TrickBot first appeared in 2016 as banking malware and was primarily used to steal online banking credentials. But over the past four years, TrickBot has evolved into a “cybercrime as a service” model.
“TrickBot’s botnet has infected hundreds of thousands, if not millions of computers,” said Mark Arena, Intel 471’s chief executive.
Its operators started cataloging the computers they infected, noting which belonged to large corporations, hospitals and municipalities, and selling access to infected computers to cybercriminals and state actors.
Over the past year, TrickBot has become the primary delivery mechanism for the Russian-speaking cybercriminals behind a specific variant of ransomware, known as Ryuk, that has been paralyzing American hospitals, corporations, towns and cities. Its operators were also recently caught selling access to a subset of TrickBot’s infected computers to North Korea’s state-sponsored hackers.

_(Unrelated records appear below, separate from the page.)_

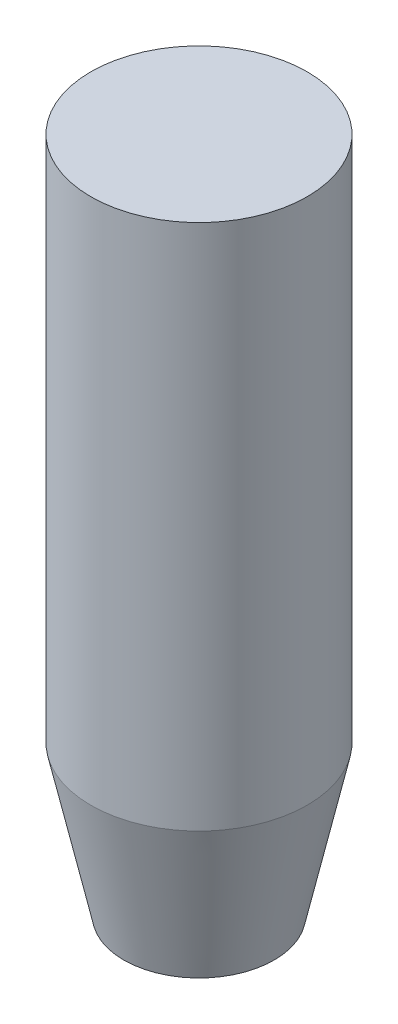
from build123d import *

# Parameters (mm, degrees)
SKETCH1_R           = 18.25625
BOSS_EXTRUDE1_DEPTH = 114.3
CHAMFER1_SIZE       = 5.55625
CHAMFER1_SIZE2      = 25.4


with BuildPart() as part:
    # Sketch1 → Boss-Extrude1 (new body)
    with BuildSketch(Plane(origin=(0, 0, 0), x_dir=(1, 0, 0), z_dir=(0, 1, 0))):
        Circle(SKETCH1_R)
    extrude(amount=BOSS_EXTRUDE1_DEPTH)

    # Chamfer1
    chamfer1_edges = [part.edges().sort_by_distance(p)[0] for p in [
        (-18.25625, 0, 0),
    ]]
    chamfer1_side = [part.faces().sort_by_distance(p)[0] for p in [
        (0, 0, 0),
    ]]
    chamfer(chamfer1_edges, length=CHAMFER1_SIZE, length2=CHAMFER1_SIZE2, reference=chamfer1_side[0])


solid = part.part
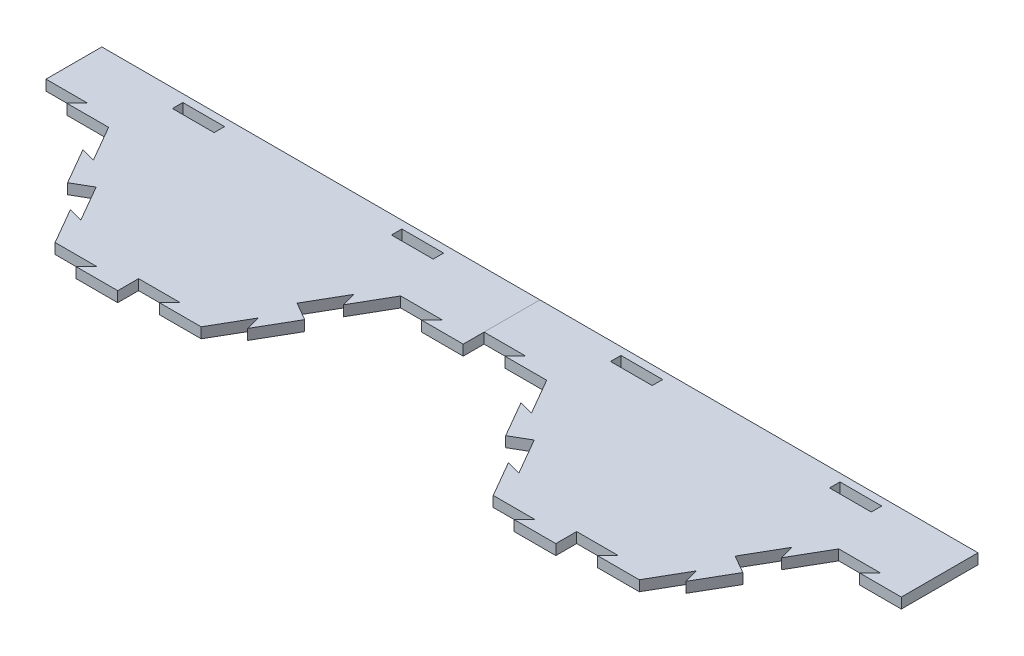
from build123d import *

# Parameters (mm, degrees)
BOSS_EXTRUDE1_DEPTH = 6.35
CUT_EXTRUDE4_DEPTH  = 7.35
BOSS_EXTRUDE4_DEPTH = 6.35
CIRPATTERN7_COUNT   = 6
SKETCH12_W          = 177.8
SKETCH12_H          = 83.339658396
CUT_EXTRUDE5_DEPTH  = 7.35
SKETCH13_W          = 266.7
SKETCH13_H          = 6.35
BOSS_EXTRUDE5_DEPTH = 40.327916296
CUT_EXTRUDE6_DEPTH  = 7.35
BOSS_EXTRUDE6_DEPTH = 6.35
SKETCH17_W          = 25.4
SKETCH17_H          = 6.35
CUT_EXTRUDE8_DEPTH  = 7.35
LPATTERN1_COUNT     = 2
LPATTERN1_PITCH     = 266.7


with BuildPart() as part:
    # Sketch1 → Boss-Extrude1 (new body)
    with BuildSketch(Plane(origin=(0, 0, 0), x_dir=(1, 0, 0), z_dir=(0, 1, 0))):
        Polygon((88.9, 0), (44.45, 76.989658396), (-44.45, 76.989658396), (-88.9, 0), (-44.45, -76.989658396), (44.45, -76.989658396), align=None)
    extrude(amount=-BOSS_EXTRUDE1_DEPTH)

    # Sketch10 → Cut-Extrude4 (cut, through all)
    with BuildSketch(Plane(origin=(0, 0, 0), x_dir=(1, 0, 0), z_dir=(0, 1, 0))):
        Polygon((57.15, 54.99261314), (48.475738686, 57.316874454), (61.175738686, 35.319829198), (66.675, 38.494829198), align=None)
    cut_extrude4 = extrude(amount=-CUT_EXTRUDE4_DEPTH, mode=Mode.SUBTRACT)

    # Sketch11 → Boss-Extrude4 (add)
    with BuildSketch(Plane(origin=(0, 0, 0), x_dir=(1, 0, 0), z_dir=(0, 1, 0))):
        Polygon((66.675, 38.494829198), (72.174261314, 41.669829198), (84.874261314, 19.672783942), (76.2, 21.997045256), align=None)
    boss_extrude4 = extrude(amount=-BOSS_EXTRUDE4_DEPTH)

    # CirPattern7: Cut-Extrude4, Boss-Extrude4 ×6 about axis
    cirpattern7_axis = Axis((0, 0, 0), (0, 1, 0))
    for i in range(1, CIRPATTERN7_COUNT):
        add(cut_extrude4.rotate(cirpattern7_axis, i * 360 / CIRPATTERN7_COUNT), mode=Mode.SUBTRACT)
        add(boss_extrude4.rotate(cirpattern7_axis, i * 360 / CIRPATTERN7_COUNT))

    # Sketch12 → Cut-Extrude5 (cut, through all)
    with BuildSketch(Plane(origin=(0, 0, 0), x_dir=(1, 0, 0), z_dir=(0, 1, 0))):
        with Locations((0, 41.669829198)):
            Rectangle(SKETCH12_W, SKETCH12_H)
    extrude(amount=-CUT_EXTRUDE5_DEPTH, mode=Mode.SUBTRACT)

    # Sketch13 → Boss-Extrude5 (add)
    with BuildSketch(Plane(origin=(0, 0, 0), x_dir=(-1, 0, 0), z_dir=(0, 0, -1))):
        with Locations((0, -3.175)):
            Rectangle(SKETCH13_W, SKETCH13_H)
    extrude(amount=BOSS_EXTRUDE5_DEPTH)

    # Sketch15 → Cut-Extrude6 (cut, through all)
    with BuildSketch(Plane(origin=(0, 0, 0), x_dir=(1, 0, 0), z_dir=(0, 1, 0))):
        Polygon((-114.3, 0), (-107.95, 6.35), (-133.35, 6.35), (-133.35, 0), align=None)
    extrude(amount=-CUT_EXTRUDE6_DEPTH, mode=Mode.SUBTRACT)

    # Sketch16 → Boss-Extrude6 (add)
    with BuildSketch(Plane(origin=(0, 0, 0), x_dir=(1, 0, 0), z_dir=(0, 1, 0))):
        Polygon((114.3, 0), (107.95, -6.35), (133.35, -6.35), (133.35, 0), align=None)
    extrude(amount=-BOSS_EXTRUDE6_DEPTH)

    # Sketch17 → Cut-Extrude8 (cut, through all)
    with BuildSketch(Plane(origin=(0, 0, 0), x_dir=(1, 0, 0), z_dir=(0, 1, 0))):
        with Locations((-66.675, 32.504390033)):
            Rectangle(SKETCH17_W, SKETCH17_H)
        with Locations((66.675, 32.504390033)):
            Rectangle(SKETCH17_W, SKETCH17_H)
    extrude(amount=-CUT_EXTRUDE8_DEPTH, mode=Mode.SUBTRACT)


with BuildPart() as lpattern1_1:
    # LPattern1: pattern copy
    add(part.part.moved(Location(Vector(1, 0, 0) * (1 * LPATTERN1_PITCH))))


solid = Compound([part.part, lpattern1_1.part])

The fear among officials at the Department of Homeland Security, the FBI and the National Security Agency was that its operators would simply hand that same access to Russia’s state hacking groups for free.
Some security researchers caution that there is no evidence to suggest that the ransomware attacks plaguing American networks have anything to do with Russian intelligence, and that reporting the fear U.S. government officials have only creates undue alarm. But others point to attacks on the Georgian government by cybercriminals at the direction of the Kremlin and a breach at Yahoo. In that attack, two Russian agents at the FSB, the successor to the KGB, teamed up with two cybercriminals to hack 500 million Yahoo accounts, allowing criminals to profit while mining their access to spy on journalists, dissidents and U.S. officials.
They also note that when the Treasury Department imposed sanctions on members of an elite Russian cybercrime group in December, they outed the group’s leader as a member of the FSB.
“The ties between the Russian intelligence services and the country’s thriving cybercriminal element are well established,” said John Hultquist, the director of threat intelligence at the cybersecurity firm FireEye. “Criminals have been used to target the Georgian government, to compromise Yahoo. Services like the FSB who are charged with cybercrime law enforcement as well as intelligence collection are in a unique position to bargain with criminals who are already compromised and in need of their protection.”
“Russia is well aware that the cybercriminals it harbors have become a serious problem for its adversaries,” Hultquist added. “Russian cybercriminals are probably a greater threat to our critical infrastructure than their intelligence services. We should start asking whether their tacit approval of cybercrime is not just a marriage of convenience but a deliberate strategy to harass the West.”